Avoid Conflicts of Interest
An attorney may represent multiple clients in ADR if the clients’ interests are aligned and the attorney obtains each client’s informed written consent. However, the lawyer has an obligation to consider whether the relationships between the clients could become contentious based upon the relative strengths of their positions or their commitment to settlement. Additionally, settlement options could create situations in which the clients’ interests diverge. A lawyer may undertake such representation only if the outcome can reasonably be expected to resolve the matter in each client’s best interest.
One of an attorney’s most important obligations is to maintain the confidentiality of all information related to representation of the client. This can be challenging in ADR processes, which encourage candor in discussions as long as it does not harm the parties.
The ethical rules allow an attorney to disclose confidential information if the client gives informed consent or if the disclosure is required to further the goals of the representation. This gives practitioners a degree of latitude, but they should carefully consider any potential consequences and advise clients accordingly. If disclosure could materially prejudice the client or the ADR proceeding, it could run afoul of ethical rules even with client consent.

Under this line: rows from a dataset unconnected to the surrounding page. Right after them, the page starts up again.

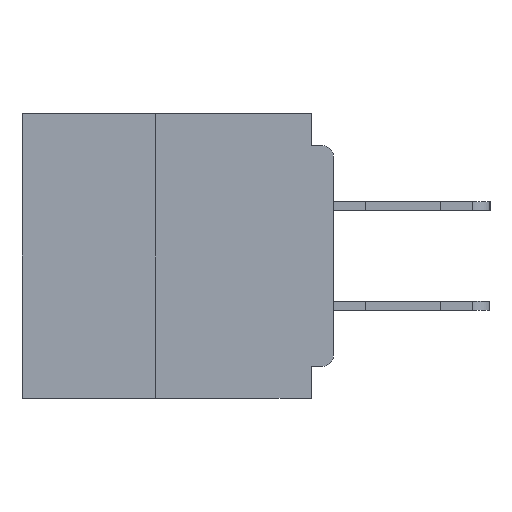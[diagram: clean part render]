
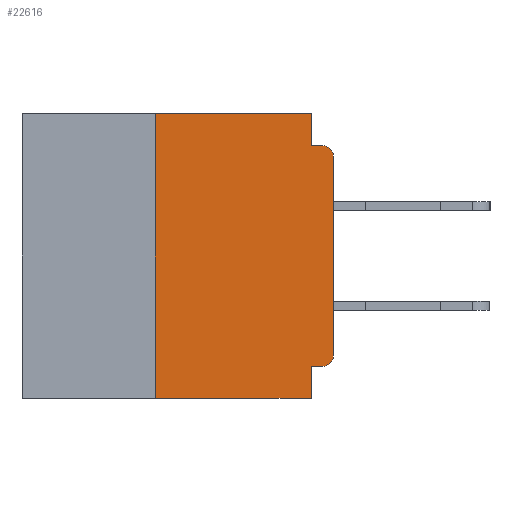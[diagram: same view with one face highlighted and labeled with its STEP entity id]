
A CAD part, left-side view. The second image highlights one B-rep face of the part: STEP entity #22616.
In plain terms, the highlighted planar face has unit normal (-1, 0, 0).
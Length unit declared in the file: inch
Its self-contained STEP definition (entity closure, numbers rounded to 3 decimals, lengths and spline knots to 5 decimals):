
#291 = DIRECTION ( 'NONE',  ( 0., 0., -1. ) ) ;
#1289 = EDGE_CURVE ( 'NONE', #13603, #15730, #22100, .T. ) ;
#2816 = ORIENTED_EDGE ( 'NONE', *, *, #1289, .T. ) ;
#3049 = DIRECTION ( 'NONE',  ( 0., 0., -1. ) ) ;
#4052 = VERTEX_POINT ( 'NONE', #46683 ) ;
#5352 = DIRECTION ( 'NONE',  ( 0., -1., 0. ) ) ;
#6297 = ORIENTED_EDGE ( 'NONE', *, *, #17699, .T. ) ;
#6691 = DIRECTION ( 'NONE',  ( 0., 0., 1. ) ) ;
#6853 = PLANE ( 'NONE',  #44245 ) ;
#7153 = VERTEX_POINT ( 'NONE', #35342 ) ;
#7670 = ORIENTED_EDGE ( 'NONE', *, *, #47509, .F. ) ;
#7833 = LINE ( 'NONE', #33219, #28800 ) ;
#8281 = AXIS2_PLACEMENT_3D ( 'NONE', #11327, #38842, #15293 ) ;
#8620 = FACE_OUTER_BOUND ( 'NONE', #15027, .T. ) ;
#9694 = EDGE_CURVE ( 'NONE', #13603, #4052, #44311, .T. ) ;
#10308 = LINE ( 'NONE', #23915, #31248 ) ;
#10433 = DIRECTION ( 'NONE',  ( 0., 0., -1. ) ) ;
#10666 = CARTESIAN_POINT ( 'NONE',  ( 0., 0.25, -0.4 ) ) ;
#11326 = VECTOR ( 'NONE', #6691, 39.37008 ) ;
#11327 = CARTESIAN_POINT ( 'NONE',  ( 0., 0.015, -0.06 ) ) ;
#11619 = ORIENTED_EDGE ( 'NONE', *, *, #9694, .F. ) ;
#12197 = LINE ( 'NONE', #34003, #13395 ) ;
#13395 = VECTOR ( 'NONE', #10433, 39.37008 ) ;
#13464 = CARTESIAN_POINT ( 'NONE',  ( 0., 0., -0.06 ) ) ;
#13516 = VERTEX_POINT ( 'NONE', #19192 ) ;
#13603 = VERTEX_POINT ( 'NONE', #15870 ) ;
#13684 = CARTESIAN_POINT ( 'NONE',  ( 0., 0.437, -0.4 ) ) ;
#13780 = ORIENTED_EDGE ( 'NONE', *, *, #43981, .F. ) ;
#14777 = CIRCLE ( 'NONE', #8281, 0.015 ) ;
#15027 = EDGE_LOOP ( 'NONE', ( #23774, #46728, #18136, #46359, #21568, #7670, #6297, #13780, #11619, #2816 ) ) ;
#15293 = DIRECTION ( 'NONE',  ( 0., 0., -1. ) ) ;
#15730 = VERTEX_POINT ( 'NONE', #41077 ) ;
#15870 = CARTESIAN_POINT ( 'NONE',  ( 0., 0.015, -0.355 ) ) ;
#17304 = EDGE_CURVE ( 'NONE', #33057, #13516, #14777, .T. ) ;
#17699 = EDGE_CURVE ( 'NONE', #44143, #31570, #18503, .T. ) ;
#17729 = DIRECTION ( 'NONE',  ( 0., -1., 0. ) ) ;
#18136 = ORIENTED_EDGE ( 'NONE', *, *, #30192, .F. ) ;
#18503 = LINE ( 'NONE', #13684, #36882 ) ;
#19192 = CARTESIAN_POINT ( 'NONE',  ( 0., 0.015, -0.045 ) ) ;
#19387 = CARTESIAN_POINT ( 'NONE',  ( 0., 0.031, -0.4 ) ) ;
#19436 = DIRECTION ( 'NONE',  ( 0., 1., 0. ) ) ;
#21568 = ORIENTED_EDGE ( 'NONE', *, *, #35005, .F. ) ;
#21606 = DIRECTION ( 'NONE',  ( 0., 0., 1. ) ) ;
#22100 = CIRCLE ( 'NONE', #37745, 0.015 ) ;
#22616 = ADVANCED_FACE ( 'NONE', ( #8620 ), #6853, .F. ) ;
#23240 = DIRECTION ( 'NONE',  ( 0., 0., -1. ) ) ;
#23303 = DIRECTION ( 'NONE',  ( -1., 0., 0. ) ) ;
#23572 = CARTESIAN_POINT ( 'NONE',  ( 0., 0.015, -0.34 ) ) ;
#23774 = ORIENTED_EDGE ( 'NONE', *, *, #24171, .T. ) ;
#23881 = CARTESIAN_POINT ( 'NONE',  ( 0., 0.437, 0. ) ) ;
#23915 = CARTESIAN_POINT ( 'NONE',  ( 0., 0.031, -0.4 ) ) ;
#24171 = EDGE_CURVE ( 'NONE', #15730, #33057, #7833, .T. ) ;
#25036 = CARTESIAN_POINT ( 'NONE',  ( 0., 0., -0.045 ) ) ;
#26670 = DIRECTION ( 'NONE',  ( 1., 0., 0. ) ) ;
#27828 = DIRECTION ( 'NONE',  ( 0., -1., 0. ) ) ;
#28800 = VECTOR ( 'NONE', #21606, 39.37008 ) ;
#28819 = VERTEX_POINT ( 'NONE', #31674 ) ;
#28962 = LINE ( 'NONE', #23881, #39368 ) ;
#29082 = LINE ( 'NONE', #25036, #48728 ) ;
#30192 = EDGE_CURVE ( 'NONE', #7153, #13516, #29082, .T. ) ;
#31248 = VECTOR ( 'NONE', #291, 39.37008 ) ;
#31570 = VERTEX_POINT ( 'NONE', #19387 ) ;
#31674 = CARTESIAN_POINT ( 'NONE',  ( 0., 0.25, 0. ) ) ;
#32272 = LINE ( 'NONE', #10666, #11326 ) ;
#32538 = EDGE_CURVE ( 'NONE', #50636, #7153, #12197, .T. ) ;
#32638 = VECTOR ( 'NONE', #19436, 39.37008 ) ;
#33057 = VERTEX_POINT ( 'NONE', #13464 ) ;
#33219 = CARTESIAN_POINT ( 'NONE',  ( 0., 0., 0. ) ) ;
#34003 = CARTESIAN_POINT ( 'NONE',  ( 0., 0.031, 0. ) ) ;
#35005 = EDGE_CURVE ( 'NONE', #28819, #50636, #28962, .T. ) ;
#35342 = CARTESIAN_POINT ( 'NONE',  ( 0., 0.031, -0.045 ) ) ;
#36882 = VECTOR ( 'NONE', #17729, 39.37008 ) ;
#37745 = AXIS2_PLACEMENT_3D ( 'NONE', #23572, #23303, #23240 ) ;
#38352 = CARTESIAN_POINT ( 'NONE',  ( 0., 0.437, 0. ) ) ;
#38842 = DIRECTION ( 'NONE',  ( -1., 0., 0. ) ) ;
#39368 = VECTOR ( 'NONE', #27828, 39.37008 ) ;
#41077 = CARTESIAN_POINT ( 'NONE',  ( 0., 0., -0.34 ) ) ;
#43981 = EDGE_CURVE ( 'NONE', #4052, #31570, #10308, .T. ) ;
#44143 = VERTEX_POINT ( 'NONE', #48263 ) ;
#44245 = AXIS2_PLACEMENT_3D ( 'NONE', #38352, #26670, #3049 ) ;
#44311 = LINE ( 'NONE', #50787, #32638 ) ;
#46359 = ORIENTED_EDGE ( 'NONE', *, *, #32538, .F. ) ;
#46683 = CARTESIAN_POINT ( 'NONE',  ( 0., 0.031, -0.355 ) ) ;
#46728 = ORIENTED_EDGE ( 'NONE', *, *, #17304, .T. ) ;
#47509 = EDGE_CURVE ( 'NONE', #44143, #28819, #32272, .T. ) ;
#48263 = CARTESIAN_POINT ( 'NONE',  ( 0., 0.25, -0.4 ) ) ;
#48728 = VECTOR ( 'NONE', #5352, 39.37008 ) ;
#49567 = CARTESIAN_POINT ( 'NONE',  ( 0., 0.031, 0. ) ) ;
#50636 = VERTEX_POINT ( 'NONE', #49567 ) ;
#50787 = CARTESIAN_POINT ( 'NONE',  ( 0., 0., -0.355 ) ) ;
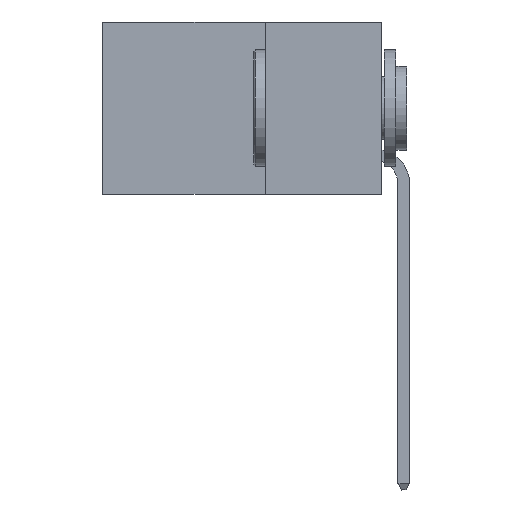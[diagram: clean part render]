
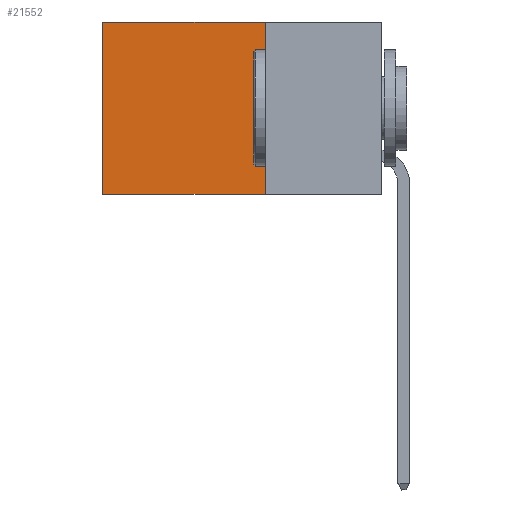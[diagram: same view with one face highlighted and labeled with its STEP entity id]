
A CAD part, left-side view. The second image highlights one B-rep face of the part: STEP entity #21552.
In plain terms, the highlighted planar face has unit normal (-1, 0, 0).
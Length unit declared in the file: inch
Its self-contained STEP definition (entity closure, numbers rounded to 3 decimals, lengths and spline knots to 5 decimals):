
#1515 = CARTESIAN_POINT ( 'NONE',  ( 0.2875, 0.25, -0.37 ) ) ;
#3242 = CARTESIAN_POINT ( 'NONE',  ( 0.2875, 0.25, 0. ) ) ;
#4252 = CARTESIAN_POINT ( 'NONE',  ( 0.2875, 0.25, 0. ) ) ;
#5297 = CARTESIAN_POINT ( 'NONE',  ( 0.2875, 0.25, -0.37 ) ) ;
#6009 = CARTESIAN_POINT ( 'NONE',  ( 0.2875, 0.6, -0.37 ) ) ;
#6814 = DIRECTION ( 'NONE',  ( 1., 0., 0. ) ) ;
#6855 = AXIS2_PLACEMENT_3D ( 'NONE', #18639, #6814, #13892 ) ;
#7092 = VECTOR ( 'NONE', #28516, 39.37008 ) ;
#7305 = VERTEX_POINT ( 'NONE', #28504 ) ;
#7394 = VERTEX_POINT ( 'NONE', #1515 ) ;
#8958 = ORIENTED_EDGE ( 'NONE', *, *, #22745, .T. ) ;
#9513 = VECTOR ( 'NONE', #29650, 39.37008 ) ;
#11412 = EDGE_CURVE ( 'NONE', #28839, #7394, #22336, .T. ) ;
#13279 = LINE ( 'NONE', #5297, #7092 ) ;
#13892 = DIRECTION ( 'NONE',  ( 0., 0., -1. ) ) ;
#13978 = PLANE ( 'NONE',  #6855 ) ;
#15109 = EDGE_CURVE ( 'NONE', #7394, #26737, #13279, .T. ) ;
#15541 = ORIENTED_EDGE ( 'NONE', *, *, #15109, .F. ) ;
#17881 = FACE_OUTER_BOUND ( 'NONE', #25207, .T. ) ;
#18639 = CARTESIAN_POINT ( 'NONE',  ( 0.2875, 0.25, 0. ) ) ;
#21552 = ADVANCED_FACE ( 'NONE', ( #17881 ), #13978, .F. ) ;
#21961 = VECTOR ( 'NONE', #23871, 39.37008 ) ;
#22336 = LINE ( 'NONE', #3242, #21961 ) ;
#22745 = EDGE_CURVE ( 'NONE', #7305, #26737, #27573, .T. ) ;
#22940 = CARTESIAN_POINT ( 'NONE',  ( 0.2875, 0.6, 0. ) ) ;
#23019 = DIRECTION ( 'NONE',  ( 0., 0., -1. ) ) ;
#23172 = EDGE_CURVE ( 'NONE', #28839, #7305, #25760, .T. ) ;
#23871 = DIRECTION ( 'NONE',  ( 0., 0., -1. ) ) ;
#24990 = ORIENTED_EDGE ( 'NONE', *, *, #11412, .F. ) ;
#25207 = EDGE_LOOP ( 'NONE', ( #8958, #15541, #24990, #28024 ) ) ;
#25760 = LINE ( 'NONE', #26530, #9513 ) ;
#26530 = CARTESIAN_POINT ( 'NONE',  ( 0.2875, 0.25, 0. ) ) ;
#26737 = VERTEX_POINT ( 'NONE', #6009 ) ;
#27573 = LINE ( 'NONE', #22940, #28318 ) ;
#28024 = ORIENTED_EDGE ( 'NONE', *, *, #23172, .T. ) ;
#28318 = VECTOR ( 'NONE', #23019, 39.37008 ) ;
#28504 = CARTESIAN_POINT ( 'NONE',  ( 0.2875, 0.6, 0. ) ) ;
#28516 = DIRECTION ( 'NONE',  ( 0., 1., 0. ) ) ;
#28839 = VERTEX_POINT ( 'NONE', #4252 ) ;
#29650 = DIRECTION ( 'NONE',  ( 0., 1., 0. ) ) ;

Communication is the hallmark of effective representation. An attorney must keep the client reasonably informed of the status of the case, and consult with the client prior to making any decisions that would affect the outcome. For example, the lawyer who receives a settlement offer should promptly advise the client of the substance of the offer unless the client has already indicated whether the offer is acceptable or given the lawyer authority to accept or reject it.
Select Examples from California
In addition to general ethical principles, practitioners must abide by ethics standards established by their jurisdiction, and any rules, regulations, and best practices specific to the ADR proceeding. Following are a few examples from California.
Honesty in Negotiation
California Business Code §6128 makes it a misdemeanor for any attorney to be involved in “deceit or collusion” or to willfully delay an action for personal gain. In the negotiation context, a lawyer may not make materially misleading claims that other parties may rely on in settlement. Furthermore, an attorney may not discourage a client from settling to generate higher fees. Unless otherwise authorized, the attorney must present all settlement offers to the client, even if the offer requires the attorney to waive all fees.
Attendance in Mediation
Some courts have established procedural rules for mediation. Rule 3.891 of the California Rules of Court gives the court authority to order mediation in any action where the amount in controversy does not exceed $50,000 for each plaintiff. Rule 3.894 requires that attorneys and their clients “attend all mediation sessions in person unless excused or permitted to attend by telephone.” Furthermore, each party must submit a list of the attorneys, representatives, and others who will participate in the mediation.
Conduct of Arbitration
Under the California Rules of Court, a wide range of civil matters may be submitted to arbitration. The rules provide for the selection of an arbitrator, conduct of hearings, rules of evidence and discovery, and other specifics related to judicial arbitration proceedings administered by the court system. Rule 3.830 states that parties are not required to participate in judicial arbitration and may proceed pursuant to their own arbitration agreement.